# www.irishwomeninbusiness.ie



## Brendan Burgess (26 Jul 2009)

I heard the founder of this site on The Sunday Business Show just now.

www.irishwomeninbusiness.ie

I still am not sure what the site is about but others may get value from it.

Brendan

By the way,  I don't like the colour scheme.


----------



## sartay (26 Jul 2009)

Thanks for that Brendan.


----------



## DrMoriarty (26 Jul 2009)

They have a , too, but it seems you have to register before you can read any of the posts.


----------



## woodbine (26 Jul 2009)

DrMoriarty said:


> They have a , too, but it seems you have to register before you can read any of the posts.


 
that always puts me off registering. most annoying and i don't understand the reasoning behind it.


----------



## jhegarty (26 Jul 2009)

DrMoriarty said:


> They have a , too, but it seems you have to register before you can read any of the posts.



Usually a sign of a forum with about 5 posts.


----------



## Graham_07 (26 Jul 2009)

Brendan said:


> By the way, I don't like the colour scheme.


Brendan, I have a 23 year old graduate daughter. Purple is just so "in" this year ( the colour, not the esteemed AAM member ! although Purple's posts are always in vogue ) ..... no further explanation necessary! 

( please please please no disrepect intended to anyone connected with the aforementioned site, I kinda really like the colour scheme TBH )


----------



## Graham_07 (26 Jul 2009)

duplicated . . . hit the wrong button after a seriously nice rosé from España  on this lovely showery summers Sunday evening.


----------



## Brendan Burgess (26 Jul 2009)

woodbine said:


> that always puts me off registering. most annoying and i don't understand the reasoning behind it.



Hi Woodbine

I thought it was quite clever for them. Theirs is a commercial site and they charge something like €50 for registering.

I wouldn't bother registering, but you can see the titles of the threads and how many answers there are, so it probably would encourage people to pay the registration fee.

If AAM ever needed to raise money, we could maybe charge a fee for some aspects of the site e.g. Letting Off Steam and Shooting the Breeze. 

Brendan


----------



## woodbine (27 Jul 2009)

I agree totally with having a charge for using the off topic sections.

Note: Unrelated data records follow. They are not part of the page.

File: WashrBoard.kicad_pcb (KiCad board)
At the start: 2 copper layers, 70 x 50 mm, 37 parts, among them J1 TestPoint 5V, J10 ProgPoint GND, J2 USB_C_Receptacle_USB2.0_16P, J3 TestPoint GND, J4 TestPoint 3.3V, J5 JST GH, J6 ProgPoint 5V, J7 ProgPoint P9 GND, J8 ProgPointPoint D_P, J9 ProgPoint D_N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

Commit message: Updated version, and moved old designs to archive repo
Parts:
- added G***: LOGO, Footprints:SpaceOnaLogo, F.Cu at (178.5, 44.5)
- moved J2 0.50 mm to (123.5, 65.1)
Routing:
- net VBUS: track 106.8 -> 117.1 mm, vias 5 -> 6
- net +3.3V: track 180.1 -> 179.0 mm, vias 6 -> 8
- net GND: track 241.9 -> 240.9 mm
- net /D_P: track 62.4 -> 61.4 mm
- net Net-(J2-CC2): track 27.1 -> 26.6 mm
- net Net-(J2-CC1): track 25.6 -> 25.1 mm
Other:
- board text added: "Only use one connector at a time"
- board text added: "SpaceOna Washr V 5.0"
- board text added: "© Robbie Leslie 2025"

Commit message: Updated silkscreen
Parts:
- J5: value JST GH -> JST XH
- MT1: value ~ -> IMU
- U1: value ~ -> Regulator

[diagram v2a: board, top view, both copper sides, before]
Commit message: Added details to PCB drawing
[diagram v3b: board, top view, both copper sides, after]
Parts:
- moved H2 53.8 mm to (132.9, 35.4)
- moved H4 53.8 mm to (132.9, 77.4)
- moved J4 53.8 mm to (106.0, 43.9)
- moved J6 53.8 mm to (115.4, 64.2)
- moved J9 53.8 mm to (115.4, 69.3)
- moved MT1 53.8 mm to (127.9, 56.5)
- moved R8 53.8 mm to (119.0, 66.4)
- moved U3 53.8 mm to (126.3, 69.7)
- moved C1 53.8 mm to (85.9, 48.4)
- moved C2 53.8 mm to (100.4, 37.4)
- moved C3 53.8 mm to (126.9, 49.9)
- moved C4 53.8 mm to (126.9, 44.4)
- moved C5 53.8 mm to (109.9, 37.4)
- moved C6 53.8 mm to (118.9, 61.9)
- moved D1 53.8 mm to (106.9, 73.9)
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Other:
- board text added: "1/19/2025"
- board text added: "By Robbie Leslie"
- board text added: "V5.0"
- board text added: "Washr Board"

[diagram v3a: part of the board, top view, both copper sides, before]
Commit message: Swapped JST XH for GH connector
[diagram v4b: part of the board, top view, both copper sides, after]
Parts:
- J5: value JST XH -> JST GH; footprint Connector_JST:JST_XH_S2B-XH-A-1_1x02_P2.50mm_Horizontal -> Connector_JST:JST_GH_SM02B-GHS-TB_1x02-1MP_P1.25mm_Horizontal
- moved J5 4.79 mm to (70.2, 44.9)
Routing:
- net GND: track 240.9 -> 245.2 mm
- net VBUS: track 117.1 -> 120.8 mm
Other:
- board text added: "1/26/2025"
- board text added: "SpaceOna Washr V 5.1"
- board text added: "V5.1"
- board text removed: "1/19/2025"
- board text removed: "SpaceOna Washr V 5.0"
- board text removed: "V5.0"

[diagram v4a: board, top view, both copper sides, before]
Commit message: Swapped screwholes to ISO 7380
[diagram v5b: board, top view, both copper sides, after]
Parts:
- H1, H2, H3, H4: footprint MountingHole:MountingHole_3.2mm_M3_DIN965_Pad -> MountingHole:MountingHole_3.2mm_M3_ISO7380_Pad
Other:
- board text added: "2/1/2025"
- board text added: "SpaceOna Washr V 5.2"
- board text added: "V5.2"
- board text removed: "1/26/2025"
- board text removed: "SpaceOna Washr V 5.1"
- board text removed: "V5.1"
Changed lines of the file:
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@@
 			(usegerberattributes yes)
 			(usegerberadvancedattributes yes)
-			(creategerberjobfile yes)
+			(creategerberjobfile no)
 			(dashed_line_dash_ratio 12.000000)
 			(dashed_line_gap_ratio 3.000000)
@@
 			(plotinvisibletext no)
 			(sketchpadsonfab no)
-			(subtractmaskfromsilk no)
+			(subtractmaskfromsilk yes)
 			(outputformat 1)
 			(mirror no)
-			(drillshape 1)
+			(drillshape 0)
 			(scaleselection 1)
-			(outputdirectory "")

I was (in a previous lifetime ) involved with an international automotive website and we charged for the use of the off topic sections (I think it was £10 for the year) 

The technical sections (which comprised 95% of the site) were and always would be free of charge to browse and to post in. 

The problem with not being allowed to see posts and replies is that you can't judge the quality of contributors.

my personal feelings are that i wouldn't mind paying for the fun/banter section but i wouldn't pay any website to get advice/information from anonymous posters. I don't earn enough for that luxury.


----------



## foxfire (27 Jul 2009)

I think there is a bit more to the annual fee than just access to the forum. They organise monthly meetings as well, have guests speakers etc so I'd be surprised if they can even break even with a 50 quid a year fee.

Perhaps the expectation that everything on the internet must be free just can be sustained for every site that doesn't have advertising support.


----------



## RedStix (27 Jul 2009)

Similar and better (imo) forum is   Been around for 3-4 years now and is absolutely free.


----------



## europhile (27 Jul 2009)

Pink is such a cliche.


----------



## Romulan (27 Jul 2009)

I heard that interview but had to turn it off

basically 
basically 
basically 
basically 
basically 

was all I could hear.


----------



## paddi22 (27 Jul 2009)

I am a member of the site and i find it great. The colour scheme is fairly irrelevant to me, each to their own! 

I am a member of the site and the reason I joined were:
• They have a good portfolio section where you can post up images of your companies work
• They organise regular talks based specifically on what members request
• They have a directory where all members are listed
• They have an area on the home page that does a special feature on members businesses

I find all these benefits very useful and have gotten good work leads from it so i find the 50 euro well worth it, and i can understand them charging a cover fee as they promote the site as much as they can, so I don't mind paying for their time and effort a bit.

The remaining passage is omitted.